Les préparatifs de cette 13e édition du GP historique vont bon train. Les infrastructures sont déjà opérationnelles depuis plusieurs semaines avec le passage des Formule électrique. Un choc générationnel va s’opérer dès demain avec le premier passage des anciennes gloires de la catégorie reine du sport automobile.

Avant cela, reste à accueillir les équipes qui vont concourir tout au long du week-end. Ce mercredi, les premiers bolides commençaient à pointer le bout de leur aileron avant.

Dans le sillage d’une équipe

En préambule, les 200 monoplaces attendues sur les 3 jours de compétition doivent passer par les vérifications administratives. Un point de passage obligatoire où tout est organisé par les équipes de l’ACM pour ne pas perdre de temps. Car l’ensemble des équipages doit être validé dans les 48 heures.

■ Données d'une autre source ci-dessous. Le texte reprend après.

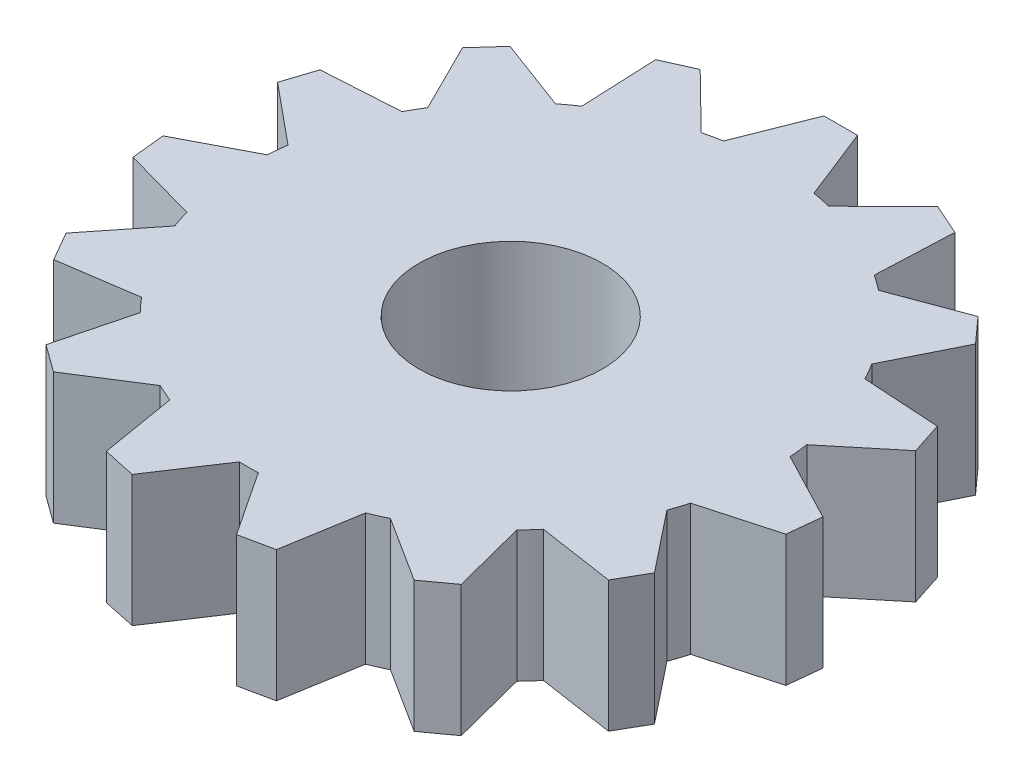
from build123d import *

# Parameters (mm, degrees)
CROQUIS1_R              = 5.25
SALIENTE_EXTRUIR1_DEPTH = 7.5


with BuildPart() as part:
    # Croquis1 → Saliente-Extruir1 (new body)
    with BuildSketch(Plane(origin=(0, 0, 0), x_dir=(1, 0, 0), z_dir=(0, 1, 0))):
        with BuildLine():
            Line((-2.5, 15), (-0.96403744, 18.894029408))
            Line((-0.96403744, 18.894029408), (0.96403744, 18.894029408))
            Line((0.96403744, 18.894029408), (2.5, 15))
            Line((2.5, 15), (2.588781311, 14.774918319))
            ThreePointArc((2.588781311, 14.774918319), (3.118675362, 14.672214011), (3.644531271, 14.550511737))
            Line((3.644531271, 14.550511737), (3.817186002, 14.720023472))
            Line((3.817186002, 14.720023472), (6.804202071, 17.652664095))
            Line((6.804202071, 17.652664095), (8.56558612, 16.86844539))
            Line((8.56558612, 16.86844539), (8.38491329, 12.686340257))
            Line((8.38491329, 12.686340257), (8.374470086, 12.444607297))
            ThreePointArc((8.374470086, 12.444607297), (8.816778784, 12.135254916), (9.247671287, 11.810189489))
            Line((9.247671287, 11.810189489), (9.474345866, 11.894821159))
            Line((9.474345866, 11.894821159), (13.39593323, 13.35899279))
            Line((13.39593323, 13.35899279), (14.686067144, 11.926153919))
            Line((14.686067144, 11.926153919), (12.819998898, 8.179097032))
            Line((12.819998898, 8.179097032), (12.712136904, 7.962510618))
            ThreePointArc((12.712136904, 7.962510618), (12.990381057, 7.5), (13.251804925, 7.027778186))
            Line((13.251804925, 7.027778186), (13.493305258, 7.012896206))
            Line((13.493305258, 7.012896206), (17.671385836, 6.755430269))
            Line((17.671385836, 6.755430269), (18.26719374, 4.92172209))
            Line((18.26719374, 4.92172209), (15.03839023, 2.257613625))
            Line((15.03839023, 2.257613625), (14.851759765, 2.103623516))
            ThreePointArc((14.851759765, 2.103623516), (14.917828431, 1.567926949), (14.964581102, 1.030200189))
            Line((14.964581102, 1.030200189), (15.179149589, 0.918377789))
            Line((15.179149589, 0.918377789), (18.891295291, -1.016207517))
            Line((18.891295291, -1.016207517), (18.689756586, -2.933720201))
            Line((18.689756586, -2.933720201), (14.656507272, -4.054231687))
            Line((14.656507272, -4.054231687), (14.423378438, -4.118999203))
            ThreePointArc((14.423378438, -4.118999203), (14.265847744, -4.635254916), (14.089845258, -5.145508779))
            Line((14.089845258, -5.145508779), (14.240381057, -5.334936491))
            Line((14.240381057, -5.334936491), (16.844728168, -8.612133791))
            Line((16.844728168, -8.612133791), (15.880690727, -10.281895618))
            Line((15.880690727, -10.281895618), (11.740381057, -9.665063509))
            Line((11.740381057, -9.665063509), (11.501063947, -9.629409539))
            ThreePointArc((11.501063947, -9.629409539), (11.147172382, -10.036959095), (10.778847167, -10.431512534))
            Line((10.778847167, -10.431512534), (10.83932127, -10.665791785))
            Line((10.83932127, -10.665791785), (11.885554515, -14.718943894))
            Line((11.885554515, -14.718943894), (10.32570917, -15.852237874))
            Line((10.32570917, -15.852237874), (6.794236298, -13.604718046))
            Line((6.794236298, -13.604718046), (6.590111016, -13.474807486))
            ThreePointArc((6.590111016, -13.474807486), (6.101049646, -13.703181865), (5.604088477, -13.913813005))
            Line((5.604088477, -13.913813005), (5.564044364, -14.152434784))
            Line((5.564044364, -14.152434784), (4.87126051, -18.28071488))
            Line((4.87126051, -18.28071488), (2.985318691, -18.681584188))
            Line((2.985318691, -18.681584188), (0.67330636, -15.191993238))
            Line((0.67330636, -15.191993238), (0.539668021, -14.990288804))
            ThreePointArc((0.539668021, -14.990288804), (0, -15), (-0.539668021, -14.990288804))
            Line((-0.539668021, -14.990288804), (-0.67330636, -15.191993238))
            Line((-0.67330636, -15.191993238), (-2.985318691, -18.681584188))
            Line((-2.985318691, -18.681584188), (-4.87126051, -18.28071488))
            Line((-4.87126051, -18.28071488), (-5.564044364, -14.152434784))
            Line((-5.564044364, -14.152434784), (-5.604088477, -13.913813005))
            ThreePointArc((-5.604088477, -13.913813005), (-6.101049646, -13.703181865), (-6.590111016, -13.474807486))
            Line((-6.590111016, -13.474807486), (-6.794236298, -13.604718046))
            Line((-6.794236298, -13.604718046), (-10.32570917, -15.852237874))
            Line((-10.32570917, -15.852237874), (-11.885554515, -14.718943894))
            Line((-11.885554515, -14.718943894), (-10.83932127, -10.665791785))
            Line((-10.83932127, -10.665791785), (-10.778847167, -10.431512534))
            ThreePointArc((-10.778847167, -10.431512534), (-11.147172382, -10.036959095), (-11.501063947, -9.629409539))
            Line((-11.501063947, -9.629409539), (-11.740381057, -9.665063509))
            Line((-11.740381057, -9.665063509), (-15.880690727, -10.281895618))
            Line((-15.880690727, -10.281895618), (-16.844728168, -8.612133791))
            Line((-16.844728168, -8.612133791), (-14.240381057, -5.334936491))
            Line((-14.240381057, -5.334936491), (-14.089845258, -5.145508779))
            ThreePointArc((-14.089845258, -5.145508779), (-14.265847744, -4.635254916), (-14.423378438, -4.118999203))
            Line((-14.423378438, -4.118999203), (-14.656507272, -4.054231687))
            Line((-14.656507272, -4.054231687), (-18.689756586, -2.933720201))
            Line((-18.689756586, -2.933720201), (-18.891295291, -1.016207517))
            Line((-18.891295291, -1.016207517), (-15.179149589, 0.918377789))
            Line((-15.179149589, 0.918377789), (-14.964581102, 1.030200189))
            ThreePointArc((-14.964581102, 1.030200189), (-14.917828431, 1.567926949), (-14.851759765, 2.103623516))
            Line((-14.851759765, 2.103623516), (-15.03839023, 2.257613625))
            Line((-15.03839023, 2.257613625), (-18.26719374, 4.92172209))
            Line((-18.26719374, 4.92172209), (-17.671385836, 6.755430269))
            Line((-17.671385836, 6.755430269), (-13.493305258, 7.012896206))
            Line((-13.493305258, 7.012896206), (-13.251804925, 7.027778186))
            ThreePointArc((-13.251804925, 7.027778186), (-12.990381057, 7.5), (-12.712136904, 7.962510618))
            Line((-12.712136904, 7.962510618), (-12.819998898, 8.179097032))
            Line((-12.819998898, 8.179097032), (-14.686067144, 11.926153919))
            Line((-14.686067144, 11.926153919), (-13.39593323, 13.35899279))
            Line((-13.39593323, 13.35899279), (-9.474345866, 11.894821159))
            Line((-9.474345866, 11.894821159), (-9.247671287, 11.810189489))
            ThreePointArc((-9.247671287, 11.810189489), (-8.816778784, 12.135254916), (-8.374470086, 12.444607297))
            Line((-8.374470086, 12.444607297), (-8.38491329, 12.686340257))
            Line((-8.38491329, 12.686340257), (-8.56558612, 16.86844539))
            Line((-8.56558612, 16.86844539), (-6.804202071, 17.652664095))
            Line((-6.804202071, 17.652664095), (-3.817186002, 14.720023472))
            Line((-3.817186002, 14.720023472), (-3.644531271, 14.550511737))
            ThreePointArc((-3.644531271, 14.550511737), (-3.118675362, 14.672214011), (-2.588781311, 14.774918319))
            Line((-2.588781311, 14.774918319), (-2.5, 15))
        make_face()
        with Locations(Location((0, 0, 0), (0, 0, 270))):
            Circle(CROQUIS1_R, mode=Mode.SUBTRACT)
    extrude(amount=SALIENTE_EXTRUIR1_DEPTH)


solid = part.part

Parmi les premiers arrivés, William Nuthall, un pilote britannique habitué des épreuves historiques, engage deux voitures cette année. Une Maserati 250F de 1957 en série A2 Juan Manuel Fangio et une Jaguar type C de 1953 en série C. Dans l’équipe, il n’y a pas de personnel pour s’occuper des démarches. Et c’est le pilote en personne qui se déplace pour valider sa participation.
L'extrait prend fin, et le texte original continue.